Work required -
Reproduce the opening lines of the listing below exactly, stopping after the line that contains "import ezdxf" and leaving out any pictures.

Exercise input -

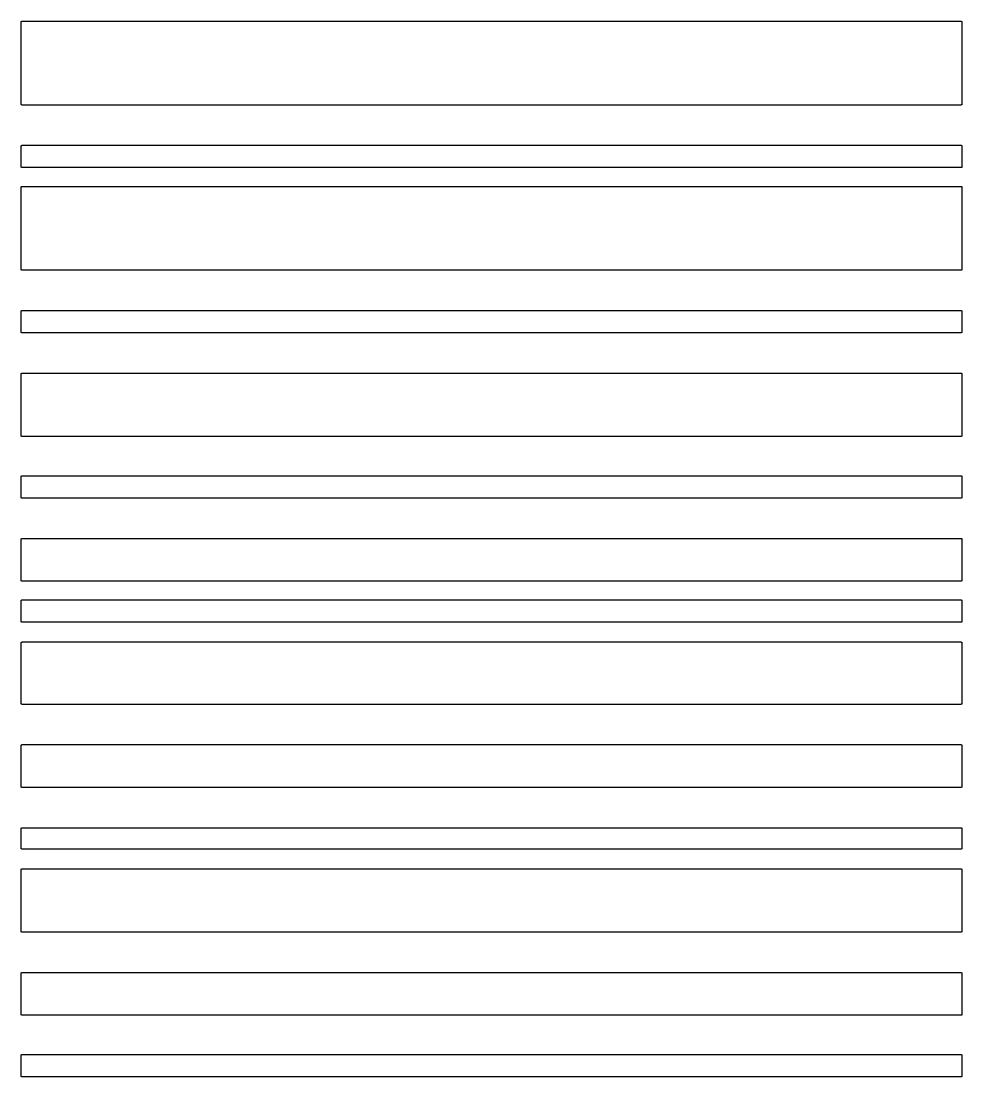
# Model space of a CAD drawing. Extents: x 91.3 to 189.8, y -113.5 to -60.4.
# Drawn here: x 116.11 to 121.29, y -73.05 to -67.24 of the extents above; entities that cross this region are included whole.
import ezdxf

# ---------------------------------------------------------------- set-up
doc = ezdxf.new("R2010")
doc.units = 0
doc.header["$MEASUREMENT"] = 0
doc.layers.add('BLACK', color=7, linetype='CONTINUOUS')

msp = doc.modelspace()

# ---------------------------------------------------------------- linework, layer by layer
at = {"layer": 'Black'}
for p, q in [((116.111, -67.2496), (116.112, -67.2492)), ((116.111, -67.7012), (116.111, -67.2496)), ((116.112, -67.2468), (116.113, -67.2464)), ((116.112, -67.2471), (116.112, -67.2468)), ((116.112, -67.2475), (116.112, -67.2471)), ((116.112, -67.2479), (116.112, -67.2475)), ((116.112, -67.2483), (116.112, -67.2479)), ((116.112, -67.2487), (116.112, -67.2483)), ((116.112, -67.2492), (116.112, -67.2487)), ((116.113, -67.2458), (116.114, -67.2456)), ((116.113, -67.2461), (116.113, -67.2458)), ((116.113, -67.2464), (116.113, -67.2461)), ((116.114, -67.2451), (116.115, -67.2449)), ((116.114, -67.2453), (116.114, -67.2451)), ((116.114, -67.2456), (116.114, -67.2453)), ((116.115, -67.2448), (116.116, -67.2447)), ((116.115, -67.2449), (116.115, -67.2448)), ((116.116, -67.2447), (116.116, -67.2446)), ((116.116, -67.2446), (121.281, -67.2446)), ((116.116, -67.2447), (116.116, -67.2447)), ((121.281, -67.2446), (121.282, -67.2447)), ((121.282, -67.2447), (121.282, -67.2447)), ((121.282, -67.2447), (121.282, -67.2448)), ((121.282, -67.2448), (121.283, -67.2449)), ((121.283, -67.2449), (121.283, -67.2451)), ((121.283, -67.2451), (121.284, -67.2453)), ((121.284, -67.2453), (121.284, -67.2456)), ((121.284, -67.2456), (121.284, -67.2458)), ((121.284, -67.2458), (121.285, -67.2461)), ((121.285, -67.2461), (121.285, -67.2464)), ((121.285, -67.2464), (121.285, -67.2468)), ((121.285, -67.2468), (121.285, -67.2471)), ((121.285, -67.2471), (121.286, -67.2475)), ((121.286, -67.2475), (121.286, -67.2479)), ((121.286, -67.2479), (121.286, -67.2483)), ((121.286, -67.2483), (121.286, -67.2487)), ((121.286, -67.2487), (121.286, -67.2492)), ((121.286, -67.2492), (121.286, -67.2496)), ((121.286, -67.2496), (121.286, -67.7012)), ((116.112, -67.7016), (116.111, -67.7012)), ((116.112, -67.702), (116.112, -67.7016)), ((116.112, -67.7024), (116.112, -67.702)), ((116.112, -67.7029), (116.112, -67.7024)), ((116.112, -67.7032), (116.112, -67.7029)), ((116.112, -67.7037), (116.112, -67.7032)), ((116.112, -67.704), (116.112, -67.7037)), ((116.113, -67.7044), (116.112, -67.704)), ((116.113, -67.7047), (116.113, -67.7044)), ((116.113, -67.705), (116.113, -67.7047)), ((116.114, -67.7052), (116.113, -67.705)), ((116.114, -67.7055), (116.114, -67.7052)), ((116.114, -67.7056), (116.114, -67.7055)), ((116.115, -67.7059), (116.114, -67.7056)), ((116.116, -67.7061), (116.115, -67.7059)), ((116.115, -67.7059), (116.115, -67.7059)), ((116.116, -67.7062), (116.116, -67.7061)), ((116.116, -67.7061), (116.116, -67.7061)), ((121.281, -67.7062), (116.116, -67.7062)), ((121.282, -67.7061), (121.281, -67.7062)), ((121.283, -67.7059), (121.282, -67.7059)), ((121.282, -67.7059), (121.282, -67.7061)), ((121.282, -67.7061), (121.282, -67.7061)), ((121.284, -67.7055), (121.283, -67.7056)), ((121.283, -67.7056), (121.283, -67.7059)), ((121.285, -67.7047), (121.284, -67.705)), ((121.284, -67.705), (121.284, -67.7052)), ((121.284, -67.7052), (121.284, -67.7055)), ((121.286, -67.7032), (121.285, -67.7037)), ((121.285, -67.7037), (121.285, -67.704)), ((121.285, -67.704), (121.285, -67.7044)), ((121.285, -67.7044), (121.285, -67.7047)), ((121.286, -67.7012), (121.286, -67.7016)), ((121.286, -67.7016), (121.286, -67.702)), ((121.286, -67.702), (121.286, -67.7024)), ((121.286, -67.7024), (121.286, -67.7029)), ((121.286, -67.7029), (121.286, -67.7032)), ((116.111, -67.9326), (116.112, -67.9321)), ((116.111, -68.0455), (116.111, -67.9326)), ((116.112, -67.9297), (116.113, -67.9294)), ((116.112, -67.9301), (116.112, -67.9297)), ((116.112, -67.9305), (116.112, -67.9301)), ((116.112, -67.9309), (116.112, -67.9305)), ((116.112, -67.9313), (116.112, -67.9309)), ((116.112, -67.9317), (116.112, -67.9313)), ((116.112, -67.9321), (116.112, -67.9317)), ((116.113, -67.9287), (116.114, -67.9285)), ((116.113, -67.9291), (116.113, -67.9287)), ((116.113, -67.9294), (116.113, -67.9291)), ((116.114, -67.9281), (116.115, -67.9279)), ((116.114, -67.9282), (116.114, -67.9281)), ((116.114, -67.9285), (116.114, -67.9282)), ((116.115, -67.9278), (116.116, -67.9277)), ((116.115, -67.9279), (116.115, -67.9278)), ((116.116, -67.9277), (116.116, -67.9276)), ((116.116, -67.9276), (121.281, -67.9276)), ((116.116, -67.9277), (116.116, -67.9277)), ((121.281, -67.9276), (121.282, -67.9277)), ((121.282, -67.9277), (121.282, -67.9277)), ((121.282, -67.9277), (121.282, -67.9278)), ((121.282, -67.9278), (121.283, -67.9279)), ((121.283, -67.9279), (121.283, -67.9281)), ((121.283, -67.9281), (121.284, -67.9282)), ((121.284, -67.9282), (121.284, -67.9285)), ((121.284, -67.9285), (121.284, -67.9287)), ((121.284, -67.9287), (121.285, -67.9291)), ((121.285, -67.9291), (121.285, -67.9294)), ((121.285, -67.9294), (121.285, -67.9297)), ((121.285, -67.9297), (121.285, -67.9301)), ((121.285, -67.9301), (121.286, -67.9305)), ((121.286, -67.9305), (121.286, -67.9309)), ((121.286, -67.9309), (121.286, -67.9313)), ((121.286, -67.9313), (121.286, -67.9317)), ((121.286, -67.9317), (121.286, -67.9321)), ((121.286, -67.9321), (121.286, -67.9326)), ((121.286, -67.9326), (121.286, -68.0455)), ((116.112, -68.0459), (116.111, -68.0455)), ((116.112, -68.0463), (116.112, -68.0459)), ((116.112, -68.0467), (116.112, -68.0463)), ((116.112, -68.0472), (116.112, -68.0467)), ((116.112, -68.0476), (116.112, -68.0472)), ((116.112, -68.048), (116.112, -68.0476)), ((116.112, -68.0483), (116.112, -68.048)), ((116.113, -68.0487), (116.112, -68.0483)), ((116.113, -68.049), (116.113, -68.0487)), ((116.113, -68.0493), (116.113, -68.049)), ((116.114, -68.0495), (116.113, -68.0493)), ((116.114, -68.0498), (116.114, -68.0495)), ((116.114, -68.0499), (116.114, -68.0498)), ((116.115, -68.0502), (116.114, -68.0499)), ((116.116, -68.0504), (116.115, -68.0502)), ((116.115, -68.0502), (116.115, -68.0502)), ((116.116, -68.0505), (116.116, -68.0504)), ((116.116, -68.0504), (116.116, -68.0504)), ((121.281, -68.0505), (116.116, -68.0505)), ((121.282, -68.0504), (121.281, -68.0505)), ((121.283, -68.0502), (121.282, -68.0502)), ((121.282, -68.0502), (121.282, -68.0504)), ((121.282, -68.0504), (121.282, -68.0504)), ((121.284, -68.0498), (121.283, -68.0499)), ((121.283, -68.0499), (121.283, -68.0502)), ((121.285, -68.049), (121.284, -68.0493)), ((121.284, -68.0493), (121.284, -68.0495)), ((121.284, -68.0495), (121.284, -68.0498)), ((121.286, -68.0476), (121.285, -68.048)), ((121.285, -68.048), (121.285, -68.0483)), ((121.285, -68.0483), (121.285, -68.0487)), ((121.285, -68.0487), (121.285, -68.049)), ((121.286, -68.0455), (121.286, -68.0459)), ((121.286, -68.0459), (121.286, -68.0463)), ((121.286, -68.0463), (121.286, -68.0467)), ((121.286, -68.0467), (121.286, -68.0472)), ((121.286, -68.0472), (121.286, -68.0476)), ((116.111, -68.1584), (116.112, -68.1579)), ((116.111, -68.6099), (116.111, -68.1584)), ((116.112, -68.1555), (116.113, -68.1551)), ((116.112, -68.1559), (116.112, -68.1555)), ((116.112, -68.1563), (116.112, -68.1559)), ((116.112, -68.1566), (116.112, -68.1563)), ((116.112, -68.1571), (116.112, -68.1566)), ((116.112, -68.1575), (116.112, -68.1571)), ((116.112, -68.1579), (116.112, -68.1575)), ((116.113, -68.1545), (116.114, -68.1543)), ((116.113, -68.1549), (116.113, -68.1545)), ((116.113, -68.1551), (116.113, -68.1549)), ((116.114, -68.1539), (116.115, -68.1537)), ((116.114, -68.154), (116.114, -68.1539)), ((116.114, -68.1543), (116.114, -68.154)), ((116.115, -68.1536), (116.116, -68.1534)), ((116.115, -68.1537), (116.115, -68.1536)), ((116.116, -68.1534), (116.116, -68.1534)), ((116.116, -68.1534), (116.116, -68.1534)), ((116.116, -68.1534), (121.281, -68.1534)), ((121.281, -68.1534), (121.282, -68.1534)), ((121.282, -68.1534), (121.282, -68.1534)), ((121.282, -68.1534), (121.282, -68.1536)), ((121.282, -68.1536), (121.283, -68.1537)), ((121.283, -68.1537), (121.283, -68.1539)), ((121.283, -68.1539), (121.284, -68.154)), ((121.284, -68.154), (121.284, -68.1543)), ((121.284, -68.1543), (121.284, -68.1545)), ((121.284, -68.1545), (121.285, -68.1549)), ((121.285, -68.1549), (121.285, -68.1551)), ((121.285, -68.1551), (121.285, -68.1555)), ((121.285, -68.1555), (121.285, -68.1559)), ((121.285, -68.1559), (121.286, -68.1563)), ((121.286, -68.1563), (121.286, -68.1566)), ((121.286, -68.1566), (121.286, -68.1571)), ((121.286, -68.1571), (121.286, -68.1575)), ((121.286, -68.1575), (121.286, -68.1579)), ((121.286, -68.1579), (121.286, -68.1584)), ((121.286, -68.1584), (121.286, -68.6099)), ((116.112, -68.6103), (116.111, -68.6099)), ((116.112, -68.6108), (116.112, -68.6103)), ((116.112, -68.6112), (116.112, -68.6108)), ((116.112, -68.6116), (116.112, -68.6112)), ((116.112, -68.612), (116.112, -68.6116)), ((116.112, -68.6124), (116.112, -68.612)), ((116.112, -68.6127), (116.112, -68.6124)), ((116.113, -68.6131), (116.112, -68.6127)), ((116.113, -68.6134), (116.113, -68.6131)), ((116.113, -68.6137), (116.113, -68.6134)), ((116.114, -68.614), (116.113, -68.6137)), ((116.114, -68.6142), (116.114, -68.614)), ((116.114, -68.6144), (116.114, -68.6142)), ((116.115, -68.6146), (116.114, -68.6144)), ((116.115, -68.6147), (116.115, -68.6146)), ((116.116, -68.6148), (116.115, -68.6147)), ((116.116, -68.6149), (116.116, -68.6148)), ((116.116, -68.6148), (116.116, -68.6148)), ((121.281, -68.6149), (116.116, -68.6149)), ((121.282, -68.6148), (121.281, -68.6149)), ((121.283, -68.6146), (121.282, -68.6147)), ((121.282, -68.6147), (121.282, -68.6148)), ((121.282, -68.6148), (121.282, -68.6148)), ((121.284, -68.6142), (121.283, -68.6144)), ((121.283, -68.6144), (121.283, -68.6146)), ((121.285, -68.6134), (121.284, -68.6137)), ((121.284, -68.6137), (121.284, -68.614)), ((121.284, -68.614), (121.284, -68.6142)), ((121.286, -68.612), (121.285, -68.6124)), ((121.285, -68.6124), (121.285, -68.6127)), ((121.285, -68.6127), (121.285, -68.6131)), ((121.285, -68.6131), (121.285, -68.6134)), ((121.286, -68.6099), (121.286, -68.6103)), ((121.286, -68.6103), (121.286, -68.6108)), ((121.286, -68.6108), (121.286, -68.6112)), ((121.286, -68.6112), (121.286, -68.6116)), ((121.286, -68.6116), (121.286, -68.612)), ((116.111, -68.8413), (116.112, -68.8409)), ((116.111, -68.9542), (116.111, -68.8413)), ((116.112, -68.8385), (116.113, -68.8381)), ((116.112, -68.8388), (116.112, -68.8385)), ((116.112, -68.8392), (116.112, -68.8388)), ((116.112, -68.8396), (116.112, -68.8392)), ((116.112, -68.8401), (116.112, -68.8396)), ((116.112, -68.8405), (116.112, -68.8401)), ((116.112, -68.8409), (116.112, -68.8405)), ((116.113, -68.8375), (116.114, -68.8373)), ((116.113, -68.8378), (116.113, -68.8375)), ((116.113, -68.8381), (116.113, -68.8378)), ((116.114, -68.8369), (116.115, -68.8366)), ((116.114, -68.837), (116.114, -68.8369)), ((116.114, -68.8373), (116.114, -68.837)), ((116.115, -68.8366), (116.116, -68.8364)), ((116.115, -68.8366), (116.115, -68.8366)), ((116.116, -68.8364), (116.116, -68.8363)), ((116.116, -68.8363), (121.281, -68.8363)), ((116.116, -68.8364), (116.116, -68.8364)), ((121.281, -68.8363), (121.282, -68.8364)), ((121.282, -68.8364), (121.282, -68.8364)), ((121.282, -68.8364), (121.282, -68.8366)), ((121.282, -68.8366), (121.283, -68.8366)), ((121.283, -68.8366), (121.283, -68.8369)), ((121.283, -68.8369), (121.284, -68.837)), ((121.284, -68.837), (121.284, -68.8373)), ((121.284, -68.8373), (121.284, -68.8375)), ((121.284, -68.8375), (121.285, -68.8378)), ((121.285, -68.8378), (121.285, -68.8381)), ((121.285, -68.8381), (121.285, -68.8385)), ((121.285, -68.8385), (121.285, -68.8388)), ((121.285, -68.8388), (121.286, -68.8392)), ((121.286, -68.8392), (121.286, -68.8396)), ((121.286, -68.8396), (121.286, -68.8401)), ((121.286, -68.8401), (121.286, -68.8405)), ((121.286, -68.8405), (121.286, -68.8409)), ((121.286, -68.8409), (121.286, -68.8413)), ((121.286, -68.8413), (121.286, -68.9542)), ((116.112, -68.9547), (116.111, -68.9542)), ((116.112, -68.9551), (116.112, -68.9547)), ((116.112, -68.9555), (116.112, -68.9551)), ((116.112, -68.9559), (116.112, -68.9555)), ((116.112, -68.9563), (116.112, -68.9559)), ((116.112, -68.9567), (116.112, -68.9563)), ((116.112, -68.9571), (116.112, -68.9567)), ((116.113, -68.9574), (116.112, -68.9571)), ((116.113, -68.9577), (116.113, -68.9574)), ((116.113, -68.9581), (116.113, -68.9577)), ((116.114, -68.9583), (116.113, -68.9581)), ((116.114, -68.9586), (116.114, -68.9583)), ((116.114, -68.9587), (116.114, -68.9586)), ((116.115, -68.9589), (116.114, -68.9587)), ((116.115, -68.959), (116.115, -68.9589)), ((116.116, -68.9591), (116.115, -68.959)), ((116.116, -68.9592), (116.116, -68.9591)), ((116.116, -68.9591), (116.116, -68.9591)), ((121.281, -68.9592), (116.116, -68.9592)), ((121.282, -68.9591), (121.281, -68.9592)), ((121.283, -68.9589), (121.282, -68.959)), ((121.282, -68.959), (121.282, -68.9591)), ((121.282, -68.9591), (121.282, -68.9591)), ((121.284, -68.9586), (121.283, -68.9587)), ((121.283, -68.9587), (121.283, -68.9589)), ((121.285, -68.9577), (121.284, -68.9581)), ((121.284, -68.9581), (121.284, -68.9583)), ((121.284, -68.9583), (121.284, -68.9586)), ((121.286, -68.9563), (121.285, -68.9567)), ((121.285, -68.9567), (121.285, -68.9571)), ((121.285, -68.9571), (121.285, -68.9574)), ((121.285, -68.9574), (121.285, -68.9577)), ((121.286, -68.9542), (121.286, -68.9547)), ((121.286, -68.9547), (121.286, -68.9551)), ((121.286, -68.9551), (121.286, -68.9555)), ((121.286, -68.9555), (121.286, -68.9559)), ((121.286, -68.9559), (121.286, -68.9563)), ((116.111, -69.1856), (116.112, -69.1852)), ((116.111, -69.5243), (116.111, -69.1856)), ((116.112, -69.1828), (116.113, -69.1824)), ((116.112, -69.1831), (116.112, -69.1828)), ((116.112, -69.1836), (116.112, -69.1831)), ((116.112, -69.1839), (116.112, -69.1836)), ((116.112, -69.1844), (116.112, -69.1839)), ((116.112, -69.1848), (116.112, -69.1844)), ((116.112, -69.1852), (116.112, -69.1848)), ((116.113, -69.1818), (116.114, -69.1816)), ((116.113, -69.1821), (116.113, -69.1818)), ((116.113, -69.1824), (116.113, -69.1821)), ((116.114, -69.1812), (116.115, -69.1809)), ((116.114, -69.1813), (116.114, -69.1812)), ((116.114, -69.1816), (116.114, -69.1813)), ((116.115, -69.1809), (116.116, -69.1807)), ((116.115, -69.1809), (116.115, -69.1809)), ((116.116, -69.1807), (116.116, -69.1806)), ((116.116, -69.1806), (121.281, -69.1806)), ((116.116, -69.1807), (116.116, -69.1807)), ((121.281, -69.1806), (121.282, -69.1807)), ((121.282, -69.1807), (121.282, -69.1807)), ((121.282, -69.1807), (121.282, -69.1809)), ((121.282, -69.1809), (121.283, -69.1809)), ((121.283, -69.1809), (121.283, -69.1812)), ((121.283, -69.1812), (121.284, -69.1813)), ((121.284, -69.1813), (121.284, -69.1816)), ((121.284, -69.1816), (121.284, -69.1818)), ((121.284, -69.1818), (121.285, -69.1821)), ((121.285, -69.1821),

The answer -
# Model space of a CAD drawing. Extents: x 91.3 to 189.8, y -113.5 to -60.4.
# Drawn here: x 116.11 to 121.29, y -73.05 to -67.24 of the extents above; entities that cross this region are included whole.
import ezdxf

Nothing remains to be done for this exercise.